I'm dealing with a situation at work where someone set up some tables without a primary key (arghhh). now I'm trying to compare dev data to prod data and the best I can tell is that theres a slight difference in the number of rows.
I figured the best way I could compare data is to do a join on every column, but I'm getting unexpected results.
to test this out I just joined the same table to itself. This table has 1309 rows.. but when I join on every column i get 1014. Thats less rows. If anything i'd expect to get more. What gives?

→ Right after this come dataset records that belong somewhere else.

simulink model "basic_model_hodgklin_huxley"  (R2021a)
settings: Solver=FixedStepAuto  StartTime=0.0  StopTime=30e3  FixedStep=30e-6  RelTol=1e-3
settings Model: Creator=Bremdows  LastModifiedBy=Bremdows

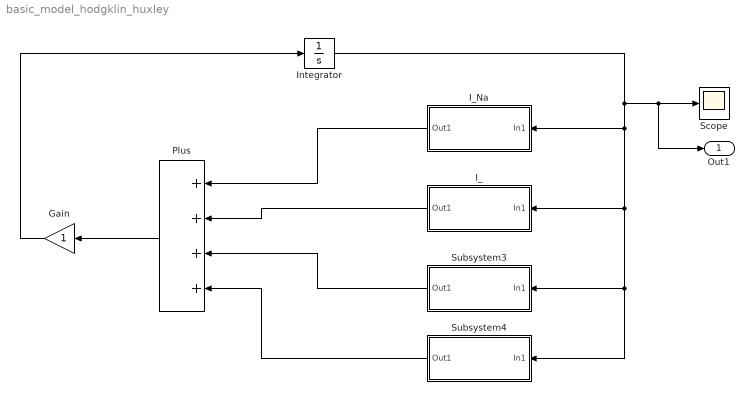
== system basic_model_hodgklin_huxley ==
  Gain : Gain
  I_ : Subsystem
  I_Na : Subsystem
  Integrator : Integrator  InitialCondition=-60e3
  Plus : Sum  Inputs=++++
  Scope : Scope
  Subsystem3 : Subsystem
  Subsystem4 : Subsystem
  Out1 : Outport
  wires:
  I_Na/1(Out1) -> Plus/1
  I_/1(Out1) -> Plus/2
  Subsystem3/1(Out1) -> Plus/3
  Subsystem4/1(Out1) -> Plus/4
  Plus/1 -> Gain/1
  Gain/1 -> Integrator/1
  Integrator/1 -> Scope/1, Out1/1, I_/1(In1), Subsystem3/1(In1), Subsystem4/1(In1), I_Na/1(In1)

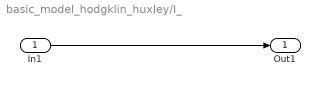
== system basic_model_hodgklin_huxley/I_ ==
  In1 : Inport
  Out1 : Outport
  wires:
  In1/1 -> Out1/1

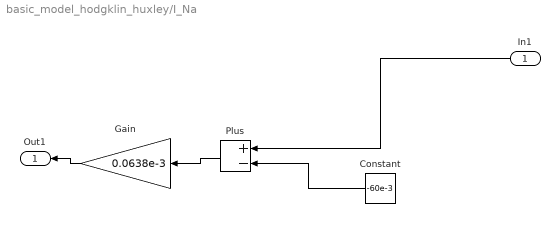
== system basic_model_hodgklin_huxley/I_Na ==
  In1 : Inport
  Constant : Constant  Value=-60e-3
  Gain : Gain  Gain=0.0638e-3
  Plus : Sum  Inputs=+-
  Out1 : Outport
  wires:
  In1/1 -> Plus/1
  Gain/1 -> Out1/1
  Plus/1 -> Gain/1
  Constant/1 -> Plus/2

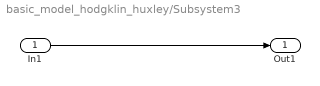
== system basic_model_hodgklin_huxley/Subsystem3 ==
  In1 : Inport
  Out1 : Outport
  wires:
  In1/1 -> Out1/1

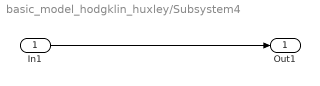
== system basic_model_hodgklin_huxley/Subsystem4 ==
  In1 : Inport
  Out1 : Outport
  wires:
  In1/1 -> Out1/1
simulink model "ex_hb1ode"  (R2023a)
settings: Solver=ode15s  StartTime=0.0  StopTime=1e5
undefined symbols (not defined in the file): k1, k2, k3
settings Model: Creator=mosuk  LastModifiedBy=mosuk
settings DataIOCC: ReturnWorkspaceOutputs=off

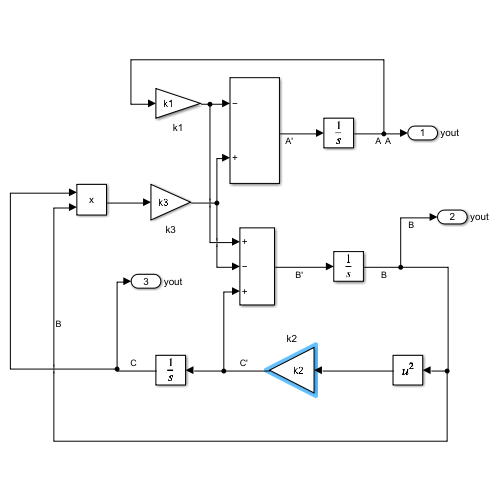
[thumbnail: Simulink's stored preview of the top-level diagram]
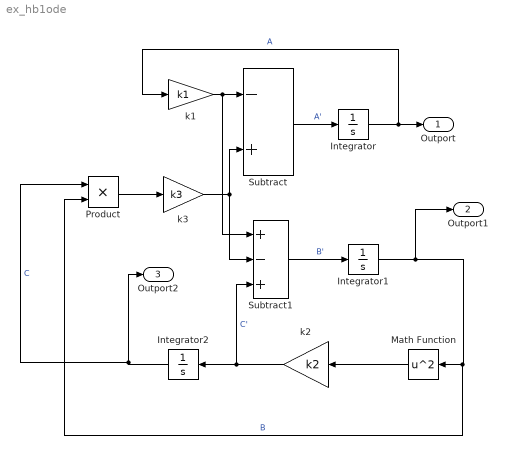
== system ex_hb1ode ==
  Integrator : Integrator  InitialCondition=1
  Integrator1 : Integrator
  Integrator2 : Integrator
  Math Function : Math  Operator=square
  Product : Product
  Subtract : Sum  Inputs=-+
  Subtract1 : Sum  Inputs=+-+
  k1 : Gain  Gain=k1
  k2 : Gain  Gain=k2
  k3 : Gain  Gain=k3
  Outport : Outport  SignalName=yout
  Outport1 : Outport  Port=2  SignalName=yout
  Outport2 : Outport  Port=3  SignalName=yout
  wires:
  k1/1 -> Subtract1/1, Subtract/1
  k3/1 -> Subtract1/2, Subtract/2
  Integrator/1 -> k1/1, Outport/1  "A"
  Subtract/1 -> Integrator/1  "A'"
  Product/1 -> k3/1
  Subtract1/1 -> Integrator1/1  "B'"
  Integrator1/1 -> Product/2, Math Function/1, Outport1/1  "B"
  Math Function/1 -> k2/1
  k2/1 -> Subtract1/3, Integrator2/1  "C'"
  Integrator2/1 -> Product/1, Outport2/1  "C"

from `default_tire_classifications` tc1
join `default_tire_classifications` tc2
on tc1.`marketing_tread_name` = tc2.`marketing_tread_name`
AND tc1.`size` = tc2.`size`
AND tc1.product_category = tc2.product_category
AND tc1.application = tc2.application
AND tc1.vehicle_type = tc2.vehicle_type
AND tc1.oem_part = tc2.oem_part
AND tc1.position = tc2.position
AND tc1.size = tc2.size
AND tc1.sect_wdth = tc2.sect_wdth
AND tc1.aspect_ratio = tc2.aspect_ratio
AND tc1.rim_size = tc2.rim_size
AND tc1.speed_rating = tc2.speed_rating
AND tc1.load_index = tc2.load_index
I suspect some of the columns contain NULL values. An equality comparison to a NULL value yields NULL. (SQL tri-valued Boolean logic.)
To do a comparison that yields TRUE when both sides are NULL, you could do something like this
( tc1.col = tc2.col OR ( tc1.col IS NULL AND tc2.col IS NULL ) )
MySQL also provides a non-standard "null-safe" equality comparison operator
<=> (spaceship) that does the same thing.
tc1.col <=> tc2.col
returns either TRUE or FALSE, and will return TRUE when the values on both sides are NULL.
So, replacing the
= (equality comparison) operator with
<=> operator should resolve the problem with comparing NULL values.
(This isn't to say that NULL values is a problem, or is the only problem.)